According to the mounting method of the IC tag of the present invention, the bonding strength between the IC tag and the mounting object by the adhesive is dramatically enhanced at low cost, whereby the mounting object is repeatedly used under high temperature and corrosive environment. Even if the IC tag is difficult to separate from the object to be mounted.
In addition, according to the IC tag built-in metal body of the present invention, it can be repeatedly used under high temperature and corrosive environment, and the reader / writer can preferably read / write the information stored in the IC tag. become able to do.

It is a perspective view which shows the forceps to which IC tag was attached by the attachment method of IC tag which concerns on 1st Embodiment of this invention. It is explanatory drawing which shows the principal part cross section of the recessed part which accommodates an IC tag. It is an explanatory view showing the important section cross section of the IC tag concerning a 1st embodiment of the present invention. It is explanatory drawing which shows the attachment method of the IC tag which concerns on 1st Embodiment of this invention. It is explanatory drawing which shows the principal part cross section of the recessed part which accommodates the IC tag which concerns on the modification of 1st Embodiment. It is an explanatory view showing the important section cross section of the crevice which stores the IC tag concerning a 2nd embodiment of the present invention. It is explanatory drawing which shows the recessed part which accommodates the IC tag which concerns on 3rd Embodiment of this invention. It is explanatory drawing which shows the recessed part which accommodates the IC tag which concerns on 4th Embodiment of this invention. It is explanatory drawing which shows the recessed part which accommodates the IC tag which concerns on 5th Embodiment of this invention. It is explanatory drawing which shows the recessed part which accommodates the IC tag which concerns on 6th Embodiment of this invention. It is explanatory drawing which shows the recessed part which accommodates the IC tag which concerns on 7th Embodiment of this invention. It is explanatory drawing which shows the recessed part which accommodates the IC tag which concerns on 8th Embodiment of this invention.

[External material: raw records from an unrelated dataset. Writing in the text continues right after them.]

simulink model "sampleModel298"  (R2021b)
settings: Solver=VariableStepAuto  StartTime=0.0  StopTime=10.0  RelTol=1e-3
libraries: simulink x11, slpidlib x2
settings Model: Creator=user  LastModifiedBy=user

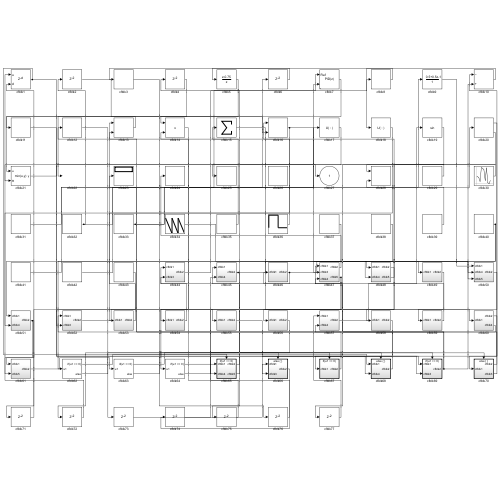
[thumbnail: Simulink's stored preview of the top-level diagram]
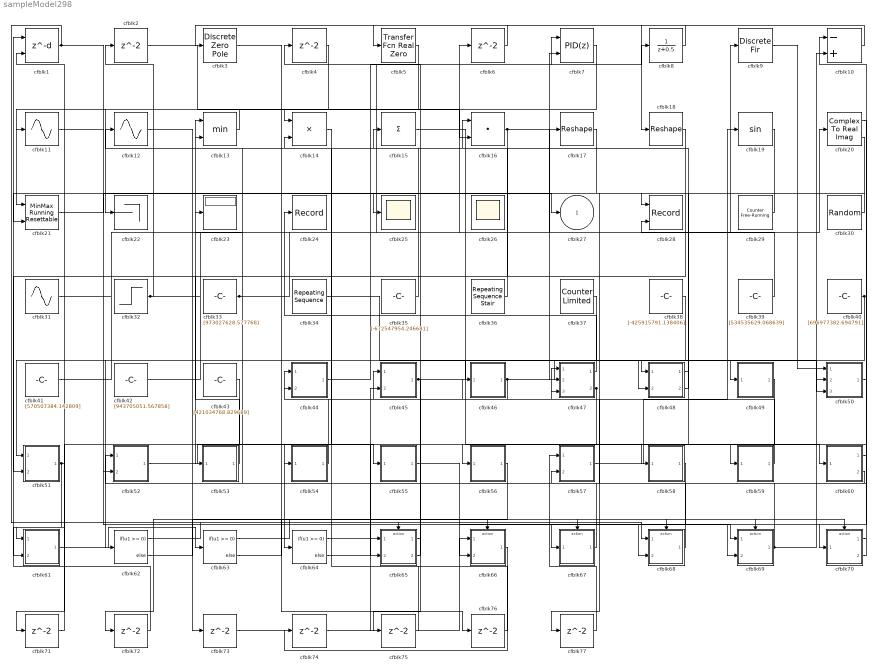
== system sampleModel298 ==
  cfblk1 : Delay  DelayLengthSource=Input port  SampleTime=1
      settings: InputPortMap=u0,p1
  cfblk10 : Sum  Inputs=-+
  cfblk11 : Sin  TimeSource=Use external signal  SampleTime=0
  cfblk12 : Sin  TimeSource=Use external signal  SampleTime=0
  cfblk13 : MinMax  Inputs=2
  cfblk14 : Product
  cfblk15 : Sum  Inputs=+
  cfblk16 : DotProduct  InputSameDT=on  OutDataTypeStr=Inherit: Inherit via internal rule
  cfblk17 : Reshape
  cfblk18 : Reshape
  cfblk19 : Trigonometry
  cfblk{2,4,6,71..77} (10 alike) : Delay  SampleTime=1
  cfblk20 : ComplexToRealImag
  cfblk21 : simulink/Math Operations/MinMax Running Resettable  Function=min  vinit=0.0
  cfblk22 : Terminator
  cfblk23 : Display
  cfblk24 : Record  FileSettingsInternal="{\"entries\":[{\"content\":{\"excelSettings\":{\"content\":{},\"type\":\"Streamout.ExcelSettings\"}},\"type\":\"Streamout.FileSettingStorage\",\"uuid\":\"f8e03bbd-3925-4cbe-a2d8-1c15d8116227\"}],\"packageUris\":[\"http://schema.mathworks.com/mf0/streamout_blocks/R2020a\"],\"version\":\"1.0\"}"  SignalsInternal="{\"entries\":[{\"content\":{\"signals\":[{\"content\":{\"blockPath\":[\"sampleModel298/cfblk24\"],\"channel\":[],\"dimensions\":[1],\"domain\":\"sampleModel298/cfblk24\",\"lineColor\":\"#a2142f\",\"plots\":[1],\"port\":1,\"sid\":[\"\"],\"signalID\":12860,\"signalName\":\"cfblk47:1\"},\"type\":\"RecordBlkView.Signal\",\"uuid\":\"11e5b281-7313-45d0-8552-5ee48f4d8115\"}]},\"type\":\"RecordBlkView.InputSignals\",\"uuid\":\"8eee72e8-d15a-4497-b3c0-09b01b3c1e58\"}],\"packageUris\":[\"http://schema.mathworks.com/mf0/streamout_blocks/R2020a\"],\"version\":\"1.0\"}"  VisualizationBindings="{\"sparklinesplugin\":{\"info\":[{\"bindingParametersList\":[],\"subplotID\":1}]}}"
  cfblk25 : Scope
  cfblk26 : Scope
      settings: Floating=on
  cfblk28 : Record  FileSettingsInternal="{\"entries\":[{\"content\":{\"excelSettings\":{\"content\":{},\"type\":\"Streamout.ExcelSettings\"}},\"type\":\"Streamout.FileSettingStorage\",\"uuid\":\"aa3ee1ba-3106-412b-81ca-2127dd02a330\"}],\"packageUris\":[\"http://schema.mathworks.com/mf0/streamout_blocks/R2020a\"],\"version\":\"1.0\"}"  Layout=[1 1]  SignalsInternal="{\"entries\":[{\"content\":{\"signals\":[{\"content\":{\"blockPath\":[\"sampleModel298/cfblk28\"],\"channel\":[],\"dimensions\":[1],\"domain\":\"sampleModel298/cfblk28\",\"lineColor\":\"#a2142f\",\"plots\":[1],\"port\":1,\"sid\":[\"\"],\"signalID\":12864,\"signalName\":\"cfblk30\"},\"type\":\"RecordBlkView.Signal\",\"uuid\":\"5ab1b331-6bbc-4e8d-9462-f5e53011d17e\"},{\"content\":{\"blockPath\":[\"sampleModel298/cfblk28\"],\"channel\":[],\"dimensions\":[1],\"domain\":\"sampleModel298/cfblk28\",\"lineColor\":\"#139fff\",\"plots\":[1],\"port\":2,\"sid\":[\"\"],\"signalID\":12868,\"signalName\":\"cfblk39\"},\"type\":\"RecordBlkView.Signal\",\"uuid\":\"ca5edff8-c0fa-4e9c-811a-b661a9ca84b8\"}]},\"type\":\"RecordBlkView.InputSignals\",\"uuid\":\"61fdf1d2-9825-4d1b-a59d-4a14db1b4992\"}],\"packageUris\":[\"http://schema.mathworks.com/mf0/streamout_blocks/R2020a\"],\"version\":\"1.0\"}"  VisualizationBindings="{\"xyplotplugin\":{\"info\":[{\"series\":[{\"bindingParametersList\":[{\"parameter\":\"X-Axis\",\"signalID\":12864,\"signalName\":\"cfblk30\"},{\"parameter\":\"Y-Axis\",\"signalID\":12868,\"signalName\":\"cfblk39\"}],\"seriesID\":55334}],\"subplotID\":1}]}}"  CompatibilityTag=XY
  cfblk29 : simulink/Sources/Counter Free-Running  NumBits=[26.000000]  tsamp=-1
  cfblk3 : DiscreteZeroPole  Poles=[0 0.5]  Gain=1
  cfblk30 : RandomNumber  Mean=[-77149.220000]  Variance=[41680.275805]  Seed=[340606104.000000]  SampleTime=0.1
  cfblk31 : Sin  Amplitude=[967904790.389444]  Bias=[-694401713.764800]  SampleTime=0
  cfblk32 : Step  Time=[28.000000]  Before=[-871235636.671696]  After=[850693744.630323]  SampleTime=0
  cfblk33 : Constant  Value=[973027628.577768]  SampleTime=1
  cfblk34 : simulink/Sources/Repeating Sequence  rep_seq_t=[0 2]  rep_seq_y=[-129325403.939381, -689316704.616454]
  cfblk35 : Constant  Value=[-672547954.246681]  SampleTime=1
  cfblk36 : simulink/Sources/Repeating Sequence Stair  OutValues=[-374108966.270243, -413875160.469731]  tsamp=-1  OutMin=[]  OutMax=[]  OutDataTypeStr=double  OutputDataTypeScalingMode=double  OutDataType=fixdt(0,8)  ConRadixGroup=Best Precision: Vector-wise  OutScaling=2^-12
  cfblk37 : simulink/Sources/Counter Limited  uplimit=[389.000000]  tsamp=-1
  cfblk38 : Constant  Value=[-425915791.138406]  SampleTime=1
  cfblk39 : Constant  Value=[534535629.068639]  SampleTime=1
  cfblk40 : Constant  Value=[696977382.694791]  SampleTime=1
  cfblk41 : Constant  Value=[570507384.142809]  SampleTime=1
  cfblk42 : Constant  Value=[943705051.567858]  SampleTime=1
  cfblk43 : Constant  Value=[421034768.829689]  SampleTime=1
  cfblk44 : Subsystem
  cfblk45 : Subsystem
  cfblk46 : Subsystem
  cfblk47 : Subsystem
  cfblk48 : Subsystem
  cfblk49 : Subsystem
  cfblk5 : simulink/Discrete/Transfer Fcn Real Zero  ZeroZ=0.75  ICPrevInput=0.0  DoSatur=off
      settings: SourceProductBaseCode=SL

  Hereinafter, embodiments of the present invention will be described in detail with reference to the accompanying drawings.

First Embodiment
FIG. 1 is a perspective view showing a forceps 1 to which an IC tag 2 is attached by the method of attaching an IC tag according to a first embodiment of the present invention. FIG. 2 is an explanatory view showing the cross-section of the main part of the recess 4 of the insulator 1 for housing the IC tag 2. FIG. 3 is an explanatory view showing the cross section of the main part of the IC tag 2 according to the first embodiment of the present invention.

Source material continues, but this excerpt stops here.